His postseason assignments included 11 Division Series (1996, 1997, 1999, 2001, 2008, 2009, 2010, 2012, 2013, 2015, and 2017), 5 League Championship Series (1991, 1995, 2000, 2002 and 2007), and 5 World Series (1993, 1998, 2001, 2009 and 2013).

He also umpired in the All-Star Game in 1990, 2001, and 2009, working behind the plate for the second and third contests, and worked the 2009 World Baseball Classic.

Following the 2019 season, DeMuth announced his retirement. He umpired 4,283 regular season games and 101 postseason games.

===Notable games===
DeMuth was the home plate umpire for Game 6 of the 1993 World Series; a game memorable for Joe Carter's series-ending home run in the bottom of the ninth inning.
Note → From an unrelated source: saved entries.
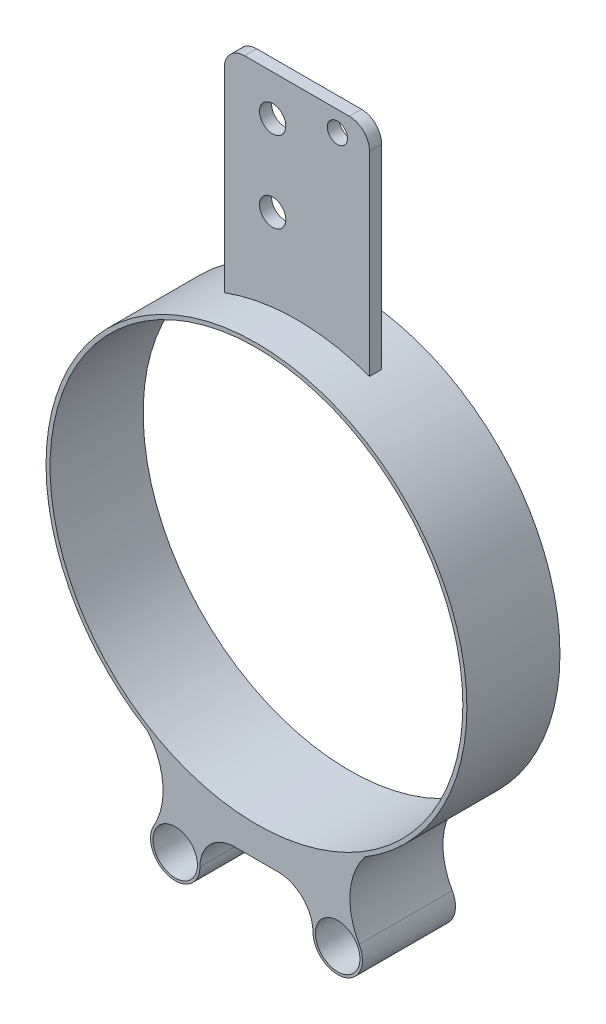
ISO-10303-21;
HEADER;
FILE_DESCRIPTION(('STEP AP214'),'2;1');
FILE_NAME('part.step','',(''),(''),'','','');
FILE_SCHEMA(('AUTOMOTIVE_DESIGN { 1 0 10303 214 1 1 1 1 }'));
ENDSEC;
DATA;
#1=APPLICATION_CONTEXT('core data for automotive mechanical design processes');
#2=APPLICATION_PROTOCOL_DEFINITION('international standard','automotive_design',2000,#1);
#3=PRODUCT_CONTEXT('',#1,'mechanical');
#4=PRODUCT('Part','Part','',(#3));
#5=PRODUCT_RELATED_PRODUCT_CATEGORY('part','',(#4));
#6=PRODUCT_DEFINITION_FORMATION('','',#4);
#7=PRODUCT_DEFINITION_CONTEXT('part definition',#1,'design');
#8=PRODUCT_DEFINITION('design','',#6,#7);
#9=PRODUCT_DEFINITION_SHAPE('','',#8);
#10=(LENGTH_UNIT() NAMED_UNIT(*) SI_UNIT(.MILLI.,.METRE.));
#11=(NAMED_UNIT(*) PLANE_ANGLE_UNIT() SI_UNIT($,.RADIAN.));
#12=(NAMED_UNIT(*) SI_UNIT($,.STERADIAN.) SOLID_ANGLE_UNIT());
#13=UNCERTAINTY_MEASURE_WITH_UNIT(LENGTH_MEASURE(1.E-05),#10,'distance_accuracy_value','');
#14=(GEOMETRIC_REPRESENTATION_CONTEXT(3) GLOBAL_UNCERTAINTY_ASSIGNED_CONTEXT((#13)) GLOBAL_UNIT_ASSIGNED_CONTEXT((#10,
#11,#12)) REPRESENTATION_CONTEXT('',''));
#15=CARTESIAN_POINT('',(0.,0.,0.));
#16=DIRECTION('',(0.,0.,1.));
#17=DIRECTION('',(1.,0.,0.));
#18=AXIS2_PLACEMENT_3D('',#15,#16,#17);
#19=CARTESIAN_POINT('',(-5.33951167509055,-67.1478656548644,23.));
#20=DIRECTION('',(0.,0.,1.));
#21=DIRECTION('',(1.,0.,0.));
#22=AXIS2_PLACEMENT_3D('',#19,#20,#21);
#23=PLANE('',#22);
#24=CARTESIAN_POINT('',(20.074423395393,-67.0303673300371,23.));
#25=DIRECTION('',(0.,0.,1.));
#26=DIRECTION('',(1.,0.,0.));
#27=AXIS2_PLACEMENT_3D('',#24,#25,#26);
#28=CIRCLE('',#27,5.5);
#29=CARTESIAN_POINT('',(25.574423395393,-67.0303673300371,23.));
#30=VERTEX_POINT('',#29);
#31=EDGE_CURVE('E234',#30,#30,#28,.T.);
#32=ORIENTED_EDGE('',*,*,#31,.F.);
#33=EDGE_LOOP('',(#32));
#34=FACE_BOUND('',#33,.T.);
#35=CARTESIAN_POINT('',(-20.074423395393,-67.0303673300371,23.));
#36=DIRECTION('',(0.,0.,1.));
#37=DIRECTION('',(1.,0.,0.));
#38=AXIS2_PLACEMENT_3D('',#35,#36,#37);
#39=CIRCLE('',#38,5.5);
#40=CARTESIAN_POINT('',(-14.574423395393,-67.0303673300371,23.));
#41=VERTEX_POINT('',#40);
#42=EDGE_CURVE('E223',#41,#41,#39,.T.);
#43=ORIENTED_EDGE('',*,*,#42,.F.);
#44=EDGE_LOOP('',(#43));
#45=FACE_BOUND('',#44,.T.);
#46=CARTESIAN_POINT('',(-5.33951167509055,-67.1478656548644,23.));
#47=DIRECTION('',(0.,0.,-1.));
#48=DIRECTION('',(1.,0.,0.));
#49=AXIS2_PLACEMENT_3D('',#46,#47,#48);
#50=CIRCLE('',#49,8.62670734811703);
#51=CARTESIAN_POINT('',(-13.9659447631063,-67.0790772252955,23.));
#52=VERTEX_POINT('',#51);
#53=CARTESIAN_POINT('',(-5.26383092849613,-58.5214902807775,23.));
#54=VERTEX_POINT('',#53);
#55=EDGE_CURVE('E168',#52,#54,#50,.T.);
#56=ORIENTED_EDGE('',*,*,#55,.T.);
#57=DIRECTION('',(1.,0.,0.));
#58=VECTOR('',#57,1.);
#59=CARTESIAN_POINT('',(-5.26383092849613,-58.5214902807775,23.));
#60=LINE('',#59,#58);
#61=CARTESIAN_POINT('',(5.26383092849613,-58.5214902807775,23.));
#62=VERTEX_POINT('',#61);
#63=EDGE_CURVE('E171',#54,#62,#60,.T.);
#64=ORIENTED_EDGE('',*,*,#63,.T.);
#65=CARTESIAN_POINT('',(5.33951167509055,-67.1478656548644,23.));
#66=DIRECTION('',(0.,0.,-1.));
#67=DIRECTION('',(-1.,0.,0.));
#68=AXIS2_PLACEMENT_3D('',#65,#66,#67);
#69=CIRCLE('',#68,8.62670734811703);
#70=CARTESIAN_POINT('',(13.9659447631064,-67.0790772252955,23.));
#71=VERTEX_POINT('',#70);
#72=EDGE_CURVE('E174',#62,#71,#69,.T.);
#73=ORIENTED_EDGE('',*,*,#72,.T.);
#74=CARTESIAN_POINT('',(20.074423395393,-67.0303673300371,23.));
#75=DIRECTION('',(0.,0.,1.));
#76=DIRECTION('',(1.,0.,0.));
#77=AXIS2_PLACEMENT_3D('',#74,#75,#76);
#78=CIRCLE('',#77,6.10867283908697);
#79=CARTESIAN_POINT('',(25.3779090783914,-63.9990436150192,23.));
#80=VERTEX_POINT('',#79);
#81=EDGE_CURVE('E176',#71,#80,#78,.T.);
#82=ORIENTED_EDGE('',*,*,#81,.T.);
#83=CARTESIAN_POINT('',(40.512535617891,-55.3485154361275,23.));
#84=DIRECTION('',(0.,0.,-1.));
#85=DIRECTION('',(-1.,0.,0.));
#86=AXIS2_PLACEMENT_3D('',#83,#84,#85);
#87=CIRCLE('',#86,17.432399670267);
#88=CARTESIAN_POINT('',(26.834522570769,-44.5410866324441,23.));
#89=VERTEX_POINT('',#88);
#90=EDGE_CURVE('E178',#80,#89,#87,.T.);
#91=ORIENTED_EDGE('',*,*,#90,.T.);
#92=CARTESIAN_POINT('',(0.,0.,23.));
#93=DIRECTION('',(0.,0.,1.));
#94=DIRECTION('',(1.,0.,0.));
#95=AXIS2_PLACEMENT_3D('',#92,#93,#94);
#96=CIRCLE('',#95,52.);
#97=CARTESIAN_POINT('',(-26.834522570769,-44.5410866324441,23.));
#98=VERTEX_POINT('',#97);
#99=EDGE_CURVE('E180',#89,#98,#96,.T.);
#100=ORIENTED_EDGE('',*,*,#99,.T.);
#101=CARTESIAN_POINT('',(-40.512535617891,-55.3485154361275,23.));
#102=DIRECTION('',(0.,0.,-1.));
#103=DIRECTION('',(1.,0.,0.));
#104=AXIS2_PLACEMENT_3D('',#101,#102,#103);
#105=CIRCLE('',#104,17.432399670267);
#106=CARTESIAN_POINT('',(-25.3779090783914,-63.9990436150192,23.));
#107=VERTEX_POINT('',#106);
#108=EDGE_CURVE('E182',#98,#107,#105,.T.);
#109=ORIENTED_EDGE('',*,*,#108,.T.);
#110=CARTESIAN_POINT('',(-20.074423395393,-67.0303673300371,23.));
#111=DIRECTION('',(0.,0.,1.));
#112=DIRECTION('',(-1.,0.,0.));
#113=AXIS2_PLACEMENT_3D('',#110,#111,#112);
#114=CIRCLE('',#113,6.10867283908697);
#115=EDGE_CURVE('E184',#107,#52,#114,.T.);
#116=ORIENTED_EDGE('',*,*,#115,.T.);
#117=EDGE_LOOP('',(#56,#64,#73,#82,#91,#100,#109,#116));
#118=FACE_BOUND('',#117,.T.);
#119=CARTESIAN_POINT('',(0.,0.,23.));
#120=DIRECTION('',(0.,0.,1.));
#121=DIRECTION('',(1.,0.,0.));
#122=AXIS2_PLACEMENT_3D('',#119,#120,#121);
#123=CIRCLE('',#122,51.);
#124=CARTESIAN_POINT('',(51.,0.,23.));
#125=VERTEX_POINT('',#124);
#126=EDGE_CURVE('E159',#125,#125,#123,.T.);
#127=ORIENTED_EDGE('',*,*,#126,.F.);
#128=EDGE_LOOP('',(#127));
#129=FACE_BOUND('',#128,.T.);
#130=ADVANCED_FACE('F33',(#34,#45,#118,#129),#23,.T.);
#131=CARTESIAN_POINT('',(-5.33951167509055,-67.1478656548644,0.));
#132=DIRECTION('',(0.,0.,1.));
#133=DIRECTION('',(1.,0.,0.));
#134=AXIS2_PLACEMENT_3D('',#131,#132,#133);
#135=PLANE('',#134);
#136=CARTESIAN_POINT('',(20.074423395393,-67.0303673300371,0.));
#137=DIRECTION('',(0.,0.,1.));
#138=DIRECTION('',(1.,0.,0.));
#139=AXIS2_PLACEMENT_3D('',#136,#137,#138);
#140=CIRCLE('',#139,5.5);
#141=CARTESIAN_POINT('',(25.574423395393,-67.0303673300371,0.));
#142=VERTEX_POINT('',#141);
#143=EDGE_CURVE('E37',#142,#142,#140,.T.);
#144=ORIENTED_EDGE('',*,*,#143,.T.);
#145=EDGE_LOOP('',(#144));
#146=FACE_BOUND('',#145,.T.);
#147=CARTESIAN_POINT('',(-20.074423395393,-67.0303673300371,0.));
#148=DIRECTION('',(0.,0.,1.));
#149=DIRECTION('',(1.,0.,0.));
#150=AXIS2_PLACEMENT_3D('',#147,#148,#149);
#151=CIRCLE('',#150,5.5);
#152=CARTESIAN_POINT('',(-14.574423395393,-67.0303673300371,0.));
#153=VERTEX_POINT('',#152);
#154=EDGE_CURVE('E220',#153,#153,#151,.T.);
#155=ORIENTED_EDGE('',*,*,#154,.T.);
#156=EDGE_LOOP('',(#155));
#157=FACE_BOUND('',#156,.T.);
#158=CARTESIAN_POINT('',(-5.33951167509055,-67.1478656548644,0.));
#159=DIRECTION('',(0.,0.,-1.));
#160=DIRECTION('',(1.,0.,0.));
#161=AXIS2_PLACEMENT_3D('',#158,#159,#160);
#162=CIRCLE('',#161,8.62670734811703);
#163=CARTESIAN_POINT('',(-13.9659447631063,-67.0790772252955,0.));
#164=VERTEX_POINT('',#163);
#165=CARTESIAN_POINT('',(-5.26383092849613,-58.5214902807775,0.));
#166=VERTEX_POINT('',#165);
#167=EDGE_CURVE('E166',#164,#166,#162,.T.);
#168=ORIENTED_EDGE('',*,*,#167,.F.);
#169=CARTESIAN_POINT('',(-20.074423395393,-67.0303673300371,0.));
#170=DIRECTION('',(0.,0.,1.));
#171=DIRECTION('',(-1.,0.,0.));
#172=AXIS2_PLACEMENT_3D('',#169,#170,#171);
#173=CIRCLE('',#172,6.10867283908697);
#174=CARTESIAN_POINT('',(-25.3779090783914,-63.9990436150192,0.));
#175=VERTEX_POINT('',#174);
#176=EDGE_CURVE('E172',#175,#164,#173,.T.);
#177=ORIENTED_EDGE('',*,*,#176,.F.);
#178=CARTESIAN_POINT('',(-40.512535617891,-55.3485154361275,0.));
#179=DIRECTION('',(0.,0.,-1.));
#180=DIRECTION('',(1.,0.,0.));
#181=AXIS2_PLACEMENT_3D('',#178,#179,#180);
#182=CIRCLE('',#181,17.432399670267);
#183=CARTESIAN_POINT('',(-26.834522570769,-44.5410866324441,0.));
#184=VERTEX_POINT('',#183);
#185=EDGE_CURVE('E199',#184,#175,#182,.T.);
#186=ORIENTED_EDGE('',*,*,#185,.F.);
#187=CARTESIAN_POINT('',(0.,0.,0.));
#188=DIRECTION('',(0.,0.,1.));
#189=DIRECTION('',(1.,0.,0.));
#190=AXIS2_PLACEMENT_3D('',#187,#188,#189);
#191=CIRCLE('',#190,52.);
#192=CARTESIAN_POINT('',(26.834522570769,-44.5410866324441,0.));
#193=VERTEX_POINT('',#192);
#194=EDGE_CURVE('E197',#193,#184,#191,.T.);
#195=ORIENTED_EDGE('',*,*,#194,.F.);
#196=CARTESIAN_POINT('',(40.512535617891,-55.3485154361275,0.));
#197=DIRECTION('',(0.,0.,-1.));
#198=DIRECTION('',(-1.,0.,0.));
#199=AXIS2_PLACEMENT_3D('',#196,#197,#198);
#200=CIRCLE('',#199,17.432399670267);
#201=CARTESIAN_POINT('',(25.3779090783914,-63.9990436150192,0.));
#202=VERTEX_POINT('',#201);
#203=EDGE_CURVE('E195',#202,#193,#200,.T.);
#204=ORIENTED_EDGE('',*,*,#203,.F.);
#205=CARTESIAN_POINT('',(20.074423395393,-67.0303673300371,0.));
#206=DIRECTION('',(0.,0.,1.));
#207=DIRECTION('',(1.,0.,0.));
#208=AXIS2_PLACEMENT_3D('',#205,#206,#207);
#209=CIRCLE('',#208,6.10867283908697);
#210=CARTESIAN_POINT('',(13.9659447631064,-67.0790772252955,0.));
#211=VERTEX_POINT('',#210);
#212=EDGE_CURVE('E193',#211,#202,#209,.T.);
#213=ORIENTED_EDGE('',*,*,#212,.F.);
#214=CARTESIAN_POINT('',(5.33951167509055,-67.1478656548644,0.));
#215=DIRECTION('',(0.,0.,-1.));
#216=DIRECTION('',(-1.,0.,0.));
#217=AXIS2_PLACEMENT_3D('',#214,#215,#216);
#218=CIRCLE('',#217,8.62670734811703);
#219=CARTESIAN_POINT('',(5.26383092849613,-58.5214902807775,0.));
#220=VERTEX_POINT('',#219);
#221=EDGE_CURVE('E191',#220,#211,#218,.T.);
#222=ORIENTED_EDGE('',*,*,#221,.F.);
#223=DIRECTION('',(1.,0.,0.));
#224=VECTOR('',#223,1.);
#225=CARTESIAN_POINT('',(-5.26383092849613,-58.5214902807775,0.));
#226=LINE('',#225,#224);
#227=EDGE_CURVE('E189',#166,#220,#226,.T.);
#228=ORIENTED_EDGE('',*,*,#227,.F.);
#229=EDGE_LOOP('',(#168,#177,#186,#195,#204,#213,#222,#228));
#230=FACE_BOUND('',#229,.T.);
#231=CARTESIAN_POINT('',(0.,0.,0.));
#232=DIRECTION('',(0.,0.,1.));
#233=DIRECTION('',(1.,0.,0.));
#234=AXIS2_PLACEMENT_3D('',#231,#232,#233);
#235=CIRCLE('',#234,51.);
#236=CARTESIAN_POINT('',(51.,0.,0.));
#237=VERTEX_POINT('',#236);
#238=EDGE_CURVE('E156',#237,#237,#235,.T.);
#239=ORIENTED_EDGE('',*,*,#238,.T.);
#240=EDGE_LOOP('',(#239));
#241=FACE_BOUND('',#240,.T.);
#242=ADVANCED_FACE('F299',(#146,#157,#230,#241),#135,.F.);
#243=CARTESIAN_POINT('',(-5.33951167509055,-67.1478656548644,23.));
#244=DIRECTION('',(0.,0.,-1.));
#245=DIRECTION('',(-1.,0.,0.));
#246=AXIS2_PLACEMENT_3D('',#243,#244,#245);
#247=CYLINDRICAL_SURFACE('',#246,8.62670734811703);
#248=ORIENTED_EDGE('',*,*,#167,.T.);
#249=DIRECTION('',(0.,0.,-1.));
#250=VECTOR('',#249,1.);
#251=CARTESIAN_POINT('',(-5.26383092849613,-58.5214902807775,23.));
#252=LINE('',#251,#250);
#253=EDGE_CURVE('E11',#54,#166,#252,.T.);
#254=ORIENTED_EDGE('',*,*,#253,.F.);
#255=ORIENTED_EDGE('',*,*,#55,.F.);
#256=DIRECTION('',(0.,0.,-1.));
#257=VECTOR('',#256,1.);
#258=CARTESIAN_POINT('',(-13.9659447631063,-67.0790772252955,23.));
#259=LINE('',#258,#257);
#260=EDGE_CURVE('E186',#52,#164,#259,.T.);
#261=ORIENTED_EDGE('',*,*,#260,.T.);
#262=EDGE_LOOP('',(#248,#254,#255,#261));
#263=FACE_BOUND('',#262,.T.);
#264=ADVANCED_FACE('F35',(#263),#247,.F.);
#265=CARTESIAN_POINT('',(-5.26383092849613,-58.5214902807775,23.));
#266=DIRECTION('',(0.,1.,0.));
#267=DIRECTION('',(0.,0.,1.));
#268=AXIS2_PLACEMENT_3D('',#265,#266,#267);
#269=PLANE('',#268);
#270=ORIENTED_EDGE('',*,*,#227,.T.);
#271=DIRECTION('',(0.,0.,-1.));
#272=VECTOR('',#271,1.);
#273=CARTESIAN_POINT('',(5.26383092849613,-58.5214902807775,23.));
#274=LINE('',#273,#272);
#275=EDGE_CURVE('E42',#62,#220,#274,.T.);
#276=ORIENTED_EDGE('',*,*,#275,.F.);
#277=ORIENTED_EDGE('',*,*,#63,.F.);
#278=ORIENTED_EDGE('',*,*,#253,.T.);
#279=EDGE_LOOP('',(#270,#276,#277,#278));
#280=FACE_BOUND('',#279,.T.);
#281=ADVANCED_FACE('F334',(#280),#269,.F.);
#282=CARTESIAN_POINT('',(5.33951167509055,-67.1478656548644,23.));
#283=DIRECTION('',(0.,0.,-1.));
#284=DIRECTION('',(-1.,0.,0.));
#285=AXIS2_PLACEMENT_3D('',#282,#283,#284);
#286=CYLINDRICAL_SURFACE('',#285,8.62670734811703);
#287=ORIENTED_EDGE('',*,*,#221,.T.);
#288=DIRECTION('',(0.,0.,-1.));
#289=VECTOR('',#288,1.);
#290=CARTESIAN_POINT('',(13.9659447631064,-67.0790772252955,23.));
#291=LINE('',#290,#289);
#292=EDGE_CURVE('E216',#71,#211,#291,.T.);
#293=ORIENTED_EDGE('',*,*,#292,.F.);
#294=ORIENTED_EDGE('',*,*,#72,.F.);
#295=ORIENTED_EDGE('',*,*,#275,.T.);
#296=EDGE_LOOP('',(#287,#293,#294,#295));
#297=FACE_BOUND('',#296,.T.);
#298=ADVANCED_FACE('F331',(#297),#286,.F.);
#299=CARTESIAN_POINT('',(20.074423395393,-67.0303673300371,23.));
#300=DIRECTION('',(0.,0.,-1.));
#301=DIRECTION('',(-1.,0.,0.));
#302=AXIS2_PLACEMENT_3D('',#299,#300,#301);
#303=CYLINDRICAL_SURFACE('',#302,6.10867283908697);
#304=ORIENTED_EDGE('',*,*,#212,.T.);
#305=DIRECTION('',(0.,0.,-1.));
#306=VECTOR('',#305,1.);
#307=CARTESIAN_POINT('',(25.3779090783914,-63.9990436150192,23.));
#308=LINE('',#307,#306);
#309=EDGE_CURVE('E213',#80,#202,#308,.T.);
#310=ORIENTED_EDGE('',*,*,#309,.F.);
#311=ORIENTED_EDGE('',*,*,#81,.F.);
#312=ORIENTED_EDGE('',*,*,#292,.T.);
#313=EDGE_LOOP('',(#304,#310,#311,#312));
#314=FACE_BOUND('',#313,.T.);
#315=ADVANCED_FACE('F327',(#314),#303,.T.);
#316=CARTESIAN_POINT('',(40.512535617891,-55.3485154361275,23.));
#317=DIRECTION('',(0.,0.,-1.));
#318=DIRECTION('',(-1.,0.,0.));
#319=AXIS2_PLACEMENT_3D('',#316,#317,#318);
#320=CYLINDRICAL_SURFACE('',#319,17.432399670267);
#321=ORIENTED_EDGE('',*,*,#203,.T.);
#322=DIRECTION('',(0.,0.,-1.));
#323=VECTOR('',#322,1.);
#324=CARTESIAN_POINT('',(26.834522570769,-44.5410866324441,23.));
#325=LINE('',#324,#323);
#326=EDGE_CURVE('E210',#89,#193,#325,.T.);
#327=ORIENTED_EDGE('',*,*,#326,.F.);
#328=ORIENTED_EDGE('',*,*,#90,.F.);
#329=ORIENTED_EDGE('',*,*,#309,.T.);
#330=EDGE_LOOP('',(#321,#327,#328,#329));
#331=FACE_BOUND('',#330,.T.);
#332=ADVANCED_FACE('F324',(#331),#320,.F.);
#333=CARTESIAN_POINT('',(0.,0.,23.));
#334=DIRECTION('',(0.,0.,-1.));
#335=DIRECTION('',(-1.,0.,0.));
#336=AXIS2_PLACEMENT_3D('',#333,#334,#335);
#337=CYLINDRICAL_SURFACE('',#336,52.);
#338=DIRECTION('',(0.,0.,-1.));
#339=VECTOR('',#338,1.);
#340=CARTESIAN_POINT('',(17.9396464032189,48.807469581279,13.));
#341=LINE('',#340,#339);
#342=CARTESIAN_POINT('',(17.9396464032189,48.807469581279,13.));
#343=VERTEX_POINT('',#342);
#344=CARTESIAN_POINT('',(17.9396464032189,48.807469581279,10.));
#345=VERTEX_POINT('',#344);
#346=EDGE_CURVE('E50',#343,#345,#341,.T.);
#347=ORIENTED_EDGE('',*,*,#346,.F.);
#348=CARTESIAN_POINT('',(0.,0.,13.));
#349=DIRECTION('',(0.,0.,1.));
#350=DIRECTION('',(1.,0.,0.));
#351=AXIS2_PLACEMENT_3D('',#348,#349,#350);
#352=CIRCLE('',#351,52.);
#353=CARTESIAN_POINT('',(-17.9396464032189,48.807469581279,13.));
#354=VERTEX_POINT('',#353);
#355=EDGE_CURVE('E55',#343,#354,#352,.T.);
#356=ORIENTED_EDGE('',*,*,#355,.T.);
#357=DIRECTION('',(0.,0.,-1.));
#358=VECTOR('',#357,1.);
#359=CARTESIAN_POINT('',(-17.9396464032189,48.807469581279,13.));
#360=LINE('',#359,#358);
#361=CARTESIAN_POINT('',(-17.9396464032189,48.807469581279,10.));
#362=VERTEX_POINT('',#361);
#363=EDGE_CURVE('E272',#354,#362,#360,.T.);
#364=ORIENTED_EDGE('',*,*,#363,.T.);
#365=CARTESIAN_POINT('',(0.,0.,10.));
#366=DIRECTION('',(0.,0.,1.));
#367=DIRECTION('',(1.,0.,0.));
#368=AXIS2_PLACEMENT_3D('',#365,#366,#367);
#369=CIRCLE('',#368,52.);
#370=EDGE_CURVE('E241',#345,#362,#369,.T.);
#371=ORIENTED_EDGE('',*,*,#370,.F.);
#372=EDGE_LOOP('',(#347,#356,#364,#371));
#373=FACE_BOUND('',#372,.T.);
#374=ORIENTED_EDGE('',*,*,#194,.T.);
#375=DIRECTION('',(0.,0.,-1.));
#376=VECTOR('',#375,1.);
#377=CARTESIAN_POINT('',(-26.834522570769,-44.5410866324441,23.));
#378=LINE('',#377,#376);
#379=EDGE_CURVE('E207',#98,#184,#378,.T.);
#380=ORIENTED_EDGE('',*,*,#379,.F.);
#381=ORIENTED_EDGE('',*,*,#99,.F.);
#382=ORIENTED_EDGE('',*,*,#326,.T.);
#383=EDGE_LOOP('',(#374,#380,#381,#382));
#384=FACE_BOUND('',#383,.T.);
#385=ADVANCED_FACE('F320',(#373,#384),#337,.T.);
#386=CARTESIAN_POINT('',(-40.512535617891,-55.3485154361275,23.));
#387=DIRECTION('',(0.,0.,-1.));
#388=DIRECTION('',(-1.,0.,0.));
#389=AXIS2_PLACEMENT_3D('',#386,#387,#388);
#390=CYLINDRICAL_SURFACE('',#389,17.432399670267);
#391=ORIENTED_EDGE('',*,*,#185,.T.);
#392=DIRECTION('',(0.,0.,-1.));
#393=VECTOR('',#392,1.);
#394=CARTESIAN_POINT('',(-25.3779090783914,-63.9990436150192,23.));
#395=LINE('',#394,#393);
#396=EDGE_CURVE('E204',#107,#175,#395,.T.);
#397=ORIENTED_EDGE('',*,*,#396,.F.);
#398=ORIENTED_EDGE('',*,*,#108,.F.);
#399=ORIENTED_EDGE('',*,*,#379,.T.);
#400=EDGE_LOOP('',(#391,#397,#398,#399));
#401=FACE_BOUND('',#400,.T.);
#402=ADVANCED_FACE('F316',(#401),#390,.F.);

DeMuth was the third base umpire for the game between the San Francisco Giants and the San Diego Padres on August 4, 2007. In the top of the second inning at San Diego, Barry Bonds of the Giants hit his 755th career home run off Clay Hensley, tying Hank Aaron for first all-time.

DeMuth was the home plate umpire for the game between the San Francisco Giants and the New York Yankees on September 20, 2013. In the bottom of the seventh inning, Alex Rodriguez of the Yankees hit his 24th career grand slam off George Kontos, passing Lou Gehrig for first all-time.

DeMuth was the home plate umpire for a no-hitter pitched by Jake Arrieta between the Chicago Cubs and the Cincinnati Reds on April 21, 2016. This was Arrieta's 2nd career no hitter. Chicago won the game, 16–0.